I nominate myself for a GM Darwin award, for the death of a major NPC. Playing a Fantasy Hero game many years ago, I had a fairly nasty henchman to the Big Bad posturing on the deck of his enchanted warship while holding the Maguffin. A group of players fought their way over to him. The object had some impressive offensive capabilities , but they took a while to warn up, and it didn't provide any defenses.

 

One of the guys was playing a barbarian named Wulf. He had a 23 STR and a huge war axe. The group realized that they needed to disarm the bad guy before he started handing out red hot mystic death--can you see where this is going? Yes, Wulf's player targets the guys arms and cuts them both off. He then neatly snags the the object and dives overboard. At which point, all the other minions (and the GM) are sort of left with mouths agape.

 

I did not intend this to be a comical moment. In fact, I had spent several sessions trying to put the fear of God into the players about this guy.

 

 

I feel your pain. I ran a Rolemaster game a few years back.
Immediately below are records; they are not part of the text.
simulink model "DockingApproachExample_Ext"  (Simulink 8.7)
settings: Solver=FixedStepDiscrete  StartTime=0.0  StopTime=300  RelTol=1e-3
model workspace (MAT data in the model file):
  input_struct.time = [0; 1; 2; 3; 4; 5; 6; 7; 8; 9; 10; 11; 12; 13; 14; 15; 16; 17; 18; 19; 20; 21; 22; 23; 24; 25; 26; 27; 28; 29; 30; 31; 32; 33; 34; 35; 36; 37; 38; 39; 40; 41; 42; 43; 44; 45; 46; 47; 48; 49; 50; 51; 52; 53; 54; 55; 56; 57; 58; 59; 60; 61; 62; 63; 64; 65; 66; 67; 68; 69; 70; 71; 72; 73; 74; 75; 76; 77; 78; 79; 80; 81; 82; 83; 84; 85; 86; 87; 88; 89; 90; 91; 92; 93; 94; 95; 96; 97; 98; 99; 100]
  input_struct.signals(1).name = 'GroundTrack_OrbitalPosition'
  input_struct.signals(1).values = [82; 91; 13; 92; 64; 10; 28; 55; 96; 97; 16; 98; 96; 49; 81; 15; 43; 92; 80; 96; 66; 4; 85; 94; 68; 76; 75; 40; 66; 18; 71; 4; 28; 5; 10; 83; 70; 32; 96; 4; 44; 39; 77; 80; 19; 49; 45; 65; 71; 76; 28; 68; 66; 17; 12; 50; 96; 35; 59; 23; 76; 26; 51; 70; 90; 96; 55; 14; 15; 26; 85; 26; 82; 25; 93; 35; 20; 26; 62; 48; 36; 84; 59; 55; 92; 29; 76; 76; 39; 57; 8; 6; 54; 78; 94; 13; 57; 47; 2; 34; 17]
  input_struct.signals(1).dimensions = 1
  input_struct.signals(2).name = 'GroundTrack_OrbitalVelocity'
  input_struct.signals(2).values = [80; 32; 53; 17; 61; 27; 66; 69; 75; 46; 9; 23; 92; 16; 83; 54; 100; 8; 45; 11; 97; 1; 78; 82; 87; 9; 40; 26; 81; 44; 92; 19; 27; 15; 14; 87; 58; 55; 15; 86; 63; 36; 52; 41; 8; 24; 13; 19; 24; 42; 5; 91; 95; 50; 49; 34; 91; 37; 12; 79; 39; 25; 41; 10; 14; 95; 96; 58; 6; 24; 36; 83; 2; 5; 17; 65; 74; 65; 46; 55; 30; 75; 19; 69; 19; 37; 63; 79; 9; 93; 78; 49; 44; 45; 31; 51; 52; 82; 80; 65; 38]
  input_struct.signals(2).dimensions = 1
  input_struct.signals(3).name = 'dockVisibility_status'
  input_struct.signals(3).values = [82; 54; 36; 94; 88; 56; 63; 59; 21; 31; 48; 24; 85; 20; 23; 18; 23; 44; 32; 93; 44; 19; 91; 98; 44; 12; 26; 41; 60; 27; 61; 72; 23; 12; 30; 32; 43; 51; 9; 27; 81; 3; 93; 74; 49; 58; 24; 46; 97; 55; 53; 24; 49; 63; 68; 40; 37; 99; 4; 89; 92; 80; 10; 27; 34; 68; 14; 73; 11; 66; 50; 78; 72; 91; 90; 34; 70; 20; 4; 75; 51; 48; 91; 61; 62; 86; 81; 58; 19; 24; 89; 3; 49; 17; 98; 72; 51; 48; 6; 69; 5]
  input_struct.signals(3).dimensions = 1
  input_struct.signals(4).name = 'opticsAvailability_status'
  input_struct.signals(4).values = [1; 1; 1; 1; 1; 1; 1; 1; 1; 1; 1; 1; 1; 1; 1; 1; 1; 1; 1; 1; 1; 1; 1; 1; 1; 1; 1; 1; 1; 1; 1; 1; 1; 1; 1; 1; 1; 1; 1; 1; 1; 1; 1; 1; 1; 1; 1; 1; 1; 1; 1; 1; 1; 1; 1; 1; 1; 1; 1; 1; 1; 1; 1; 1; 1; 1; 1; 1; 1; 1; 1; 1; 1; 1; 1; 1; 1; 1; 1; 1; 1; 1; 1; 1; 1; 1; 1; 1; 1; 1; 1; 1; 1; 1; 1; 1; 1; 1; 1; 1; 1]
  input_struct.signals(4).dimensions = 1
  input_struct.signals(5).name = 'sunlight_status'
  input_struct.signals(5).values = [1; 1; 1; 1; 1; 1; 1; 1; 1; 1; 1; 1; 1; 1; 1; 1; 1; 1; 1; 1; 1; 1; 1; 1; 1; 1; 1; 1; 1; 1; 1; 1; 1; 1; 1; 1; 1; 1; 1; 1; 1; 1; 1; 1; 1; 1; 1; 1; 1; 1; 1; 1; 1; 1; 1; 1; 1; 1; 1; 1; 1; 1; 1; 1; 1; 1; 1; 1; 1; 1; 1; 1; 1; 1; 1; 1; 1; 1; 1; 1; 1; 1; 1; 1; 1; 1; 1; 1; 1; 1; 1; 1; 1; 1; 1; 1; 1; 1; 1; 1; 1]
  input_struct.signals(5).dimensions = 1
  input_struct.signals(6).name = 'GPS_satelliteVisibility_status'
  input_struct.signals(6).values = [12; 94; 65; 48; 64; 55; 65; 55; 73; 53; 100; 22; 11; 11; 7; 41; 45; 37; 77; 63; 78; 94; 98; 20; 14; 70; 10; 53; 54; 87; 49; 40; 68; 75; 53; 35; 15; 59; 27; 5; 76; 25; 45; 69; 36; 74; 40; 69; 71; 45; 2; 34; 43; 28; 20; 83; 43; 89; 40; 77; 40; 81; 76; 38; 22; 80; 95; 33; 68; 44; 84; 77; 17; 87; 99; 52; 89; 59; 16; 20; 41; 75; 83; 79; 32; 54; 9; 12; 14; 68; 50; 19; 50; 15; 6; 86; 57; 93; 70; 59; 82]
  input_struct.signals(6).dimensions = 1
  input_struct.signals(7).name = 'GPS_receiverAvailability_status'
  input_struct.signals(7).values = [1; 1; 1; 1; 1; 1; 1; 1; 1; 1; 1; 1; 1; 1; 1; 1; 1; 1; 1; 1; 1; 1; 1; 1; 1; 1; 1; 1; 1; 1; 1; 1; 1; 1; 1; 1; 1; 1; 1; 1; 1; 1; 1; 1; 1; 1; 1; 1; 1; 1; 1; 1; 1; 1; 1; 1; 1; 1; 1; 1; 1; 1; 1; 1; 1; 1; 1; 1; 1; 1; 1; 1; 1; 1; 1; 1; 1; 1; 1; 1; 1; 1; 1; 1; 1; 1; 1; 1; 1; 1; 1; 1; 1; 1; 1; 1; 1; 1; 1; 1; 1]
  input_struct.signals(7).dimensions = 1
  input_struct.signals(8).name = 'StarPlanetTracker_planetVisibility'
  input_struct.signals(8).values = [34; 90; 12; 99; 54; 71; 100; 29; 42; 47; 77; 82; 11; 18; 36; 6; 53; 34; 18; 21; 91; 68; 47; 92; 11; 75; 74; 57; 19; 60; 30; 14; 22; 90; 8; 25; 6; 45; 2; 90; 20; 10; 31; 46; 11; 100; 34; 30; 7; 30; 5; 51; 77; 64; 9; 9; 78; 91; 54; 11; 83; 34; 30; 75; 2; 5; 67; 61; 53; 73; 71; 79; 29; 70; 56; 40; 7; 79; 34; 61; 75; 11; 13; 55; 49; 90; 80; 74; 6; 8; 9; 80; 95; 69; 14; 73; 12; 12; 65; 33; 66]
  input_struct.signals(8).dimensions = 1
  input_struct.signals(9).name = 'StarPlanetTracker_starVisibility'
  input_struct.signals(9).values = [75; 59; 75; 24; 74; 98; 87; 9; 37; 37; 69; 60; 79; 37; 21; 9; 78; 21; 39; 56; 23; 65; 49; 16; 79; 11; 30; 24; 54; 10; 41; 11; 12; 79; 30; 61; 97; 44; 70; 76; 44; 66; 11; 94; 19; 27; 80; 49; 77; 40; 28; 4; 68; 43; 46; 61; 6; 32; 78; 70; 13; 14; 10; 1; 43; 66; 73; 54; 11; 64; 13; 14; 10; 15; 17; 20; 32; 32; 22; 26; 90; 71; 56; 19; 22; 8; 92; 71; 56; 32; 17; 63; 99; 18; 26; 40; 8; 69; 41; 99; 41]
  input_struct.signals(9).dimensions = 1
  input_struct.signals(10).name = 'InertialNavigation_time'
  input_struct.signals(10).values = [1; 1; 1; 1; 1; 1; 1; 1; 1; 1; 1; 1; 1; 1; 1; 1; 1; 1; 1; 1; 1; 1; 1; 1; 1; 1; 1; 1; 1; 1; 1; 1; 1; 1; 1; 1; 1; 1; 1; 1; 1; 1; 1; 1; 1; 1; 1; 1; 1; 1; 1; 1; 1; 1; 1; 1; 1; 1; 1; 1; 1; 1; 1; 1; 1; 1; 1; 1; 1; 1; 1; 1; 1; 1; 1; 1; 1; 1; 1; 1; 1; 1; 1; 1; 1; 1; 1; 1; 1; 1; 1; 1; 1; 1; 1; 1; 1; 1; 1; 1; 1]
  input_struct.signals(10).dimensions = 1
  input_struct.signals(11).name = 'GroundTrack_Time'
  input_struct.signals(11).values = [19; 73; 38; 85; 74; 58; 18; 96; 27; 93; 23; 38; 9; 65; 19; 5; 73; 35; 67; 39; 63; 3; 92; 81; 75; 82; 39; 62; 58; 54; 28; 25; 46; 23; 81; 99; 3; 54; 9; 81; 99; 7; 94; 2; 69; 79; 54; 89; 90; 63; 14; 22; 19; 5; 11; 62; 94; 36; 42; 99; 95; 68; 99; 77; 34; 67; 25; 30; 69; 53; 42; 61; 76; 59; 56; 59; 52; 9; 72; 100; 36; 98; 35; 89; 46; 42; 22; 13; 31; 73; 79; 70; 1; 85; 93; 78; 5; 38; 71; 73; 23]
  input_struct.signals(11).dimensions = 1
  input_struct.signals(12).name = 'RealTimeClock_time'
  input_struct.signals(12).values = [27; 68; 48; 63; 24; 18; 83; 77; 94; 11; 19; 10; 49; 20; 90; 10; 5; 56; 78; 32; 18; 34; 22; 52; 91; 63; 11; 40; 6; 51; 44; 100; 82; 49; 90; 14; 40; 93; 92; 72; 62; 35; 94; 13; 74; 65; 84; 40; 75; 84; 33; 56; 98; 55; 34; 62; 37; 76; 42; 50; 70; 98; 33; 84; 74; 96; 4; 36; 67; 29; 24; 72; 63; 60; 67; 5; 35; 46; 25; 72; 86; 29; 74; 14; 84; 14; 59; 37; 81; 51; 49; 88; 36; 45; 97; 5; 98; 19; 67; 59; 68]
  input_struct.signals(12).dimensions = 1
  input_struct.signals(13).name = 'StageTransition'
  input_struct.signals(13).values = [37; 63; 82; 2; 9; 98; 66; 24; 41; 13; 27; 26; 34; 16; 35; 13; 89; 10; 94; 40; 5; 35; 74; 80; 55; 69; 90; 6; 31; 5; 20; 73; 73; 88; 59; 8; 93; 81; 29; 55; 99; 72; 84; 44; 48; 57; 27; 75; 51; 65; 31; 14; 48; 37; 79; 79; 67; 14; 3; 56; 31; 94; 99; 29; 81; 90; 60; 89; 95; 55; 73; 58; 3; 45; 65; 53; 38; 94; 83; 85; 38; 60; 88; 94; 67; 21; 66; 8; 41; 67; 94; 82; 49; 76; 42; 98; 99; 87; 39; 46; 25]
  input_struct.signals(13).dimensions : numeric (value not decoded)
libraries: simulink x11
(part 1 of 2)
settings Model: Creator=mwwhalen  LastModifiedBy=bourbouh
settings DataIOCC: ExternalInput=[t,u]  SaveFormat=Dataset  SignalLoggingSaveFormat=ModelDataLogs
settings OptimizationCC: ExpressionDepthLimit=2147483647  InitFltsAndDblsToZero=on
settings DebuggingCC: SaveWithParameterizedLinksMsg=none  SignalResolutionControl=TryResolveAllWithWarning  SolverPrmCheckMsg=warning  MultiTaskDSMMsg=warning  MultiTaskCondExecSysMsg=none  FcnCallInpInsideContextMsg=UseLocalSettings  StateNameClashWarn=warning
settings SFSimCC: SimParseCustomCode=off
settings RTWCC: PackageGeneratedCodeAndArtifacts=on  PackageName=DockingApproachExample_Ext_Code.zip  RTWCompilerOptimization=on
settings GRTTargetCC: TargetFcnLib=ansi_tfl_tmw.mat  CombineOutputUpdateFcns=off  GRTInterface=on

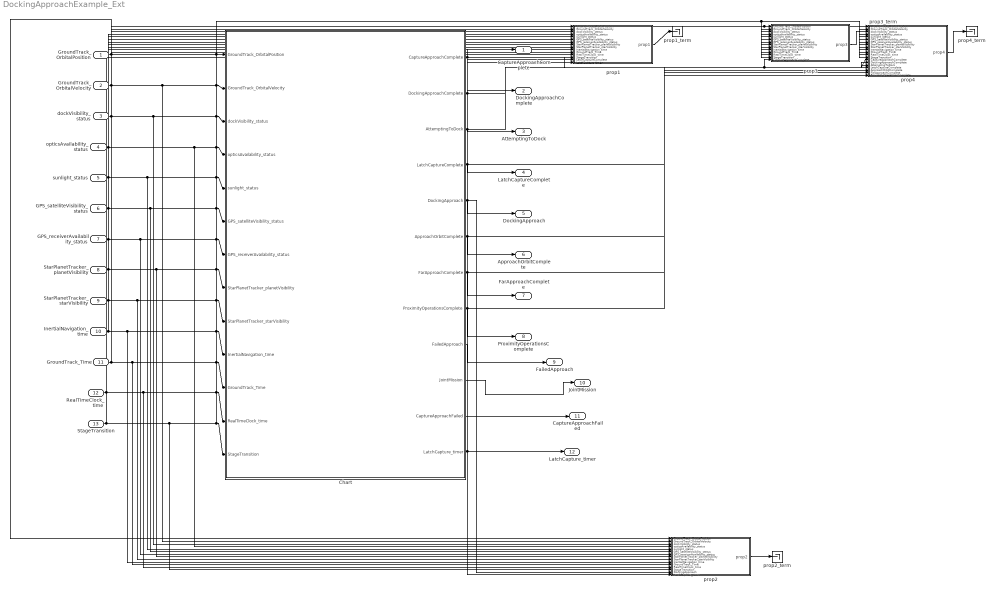
== system DockingApproachExample_Ext ==
  GroundTrack_OrbitalPosition : Inport
  GroundTrack_OrbitalVelocity : Inport  Port=2
  dockVisibility_status : Inport  Port=3
  opticsAvailability_status : Inport  Port=4
  sunlight_status : Inport  Port=5
  GPS_satelliteVisibility_status : Inport  Port=6
  GPS_receiverAvailability_status : Inport  Port=7
  StarPlanetTracker_planetVisibility : Inport  Port=8
  StarPlanetTracker_starVisibility : Inport  Port=9
  InertialNavigation_time : Inport  Port=10
  GroundTrack_Time : Inport  Port=11
  RealTimeClock_time : Inport  Port=12
  StageTransition : Inport  Port=13
  Chart : Stateflow chart  TreatAsAtomicUnit=on
  prop1 : Subsystem  TreatAsAtomicUnit=on  mask(Observer){AnnotationType=ensures, ObserverType=[]}
      mask prompts: AnnotationType "Type of annotation (pre/post...)"; ObserverType "Observer type"
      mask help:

For some reason it seemde whenever I ever I put the group up against a tough villian (a Lich, a War Troll Shaman, high level mages), one of the group would score a critical on the villian very early in the combat & would get the dreaded "stunned and unable to parry". So my big bad villian would go down with a whimper. There is something just not right about a hobbit w/a short bow taking down a war troll in less than 30 seconds.

 

On the flipside whenever I sent low level flunkies after them, the PC's always got hurt. I used to threaten to send a 1st level orc armed w/a touch after them.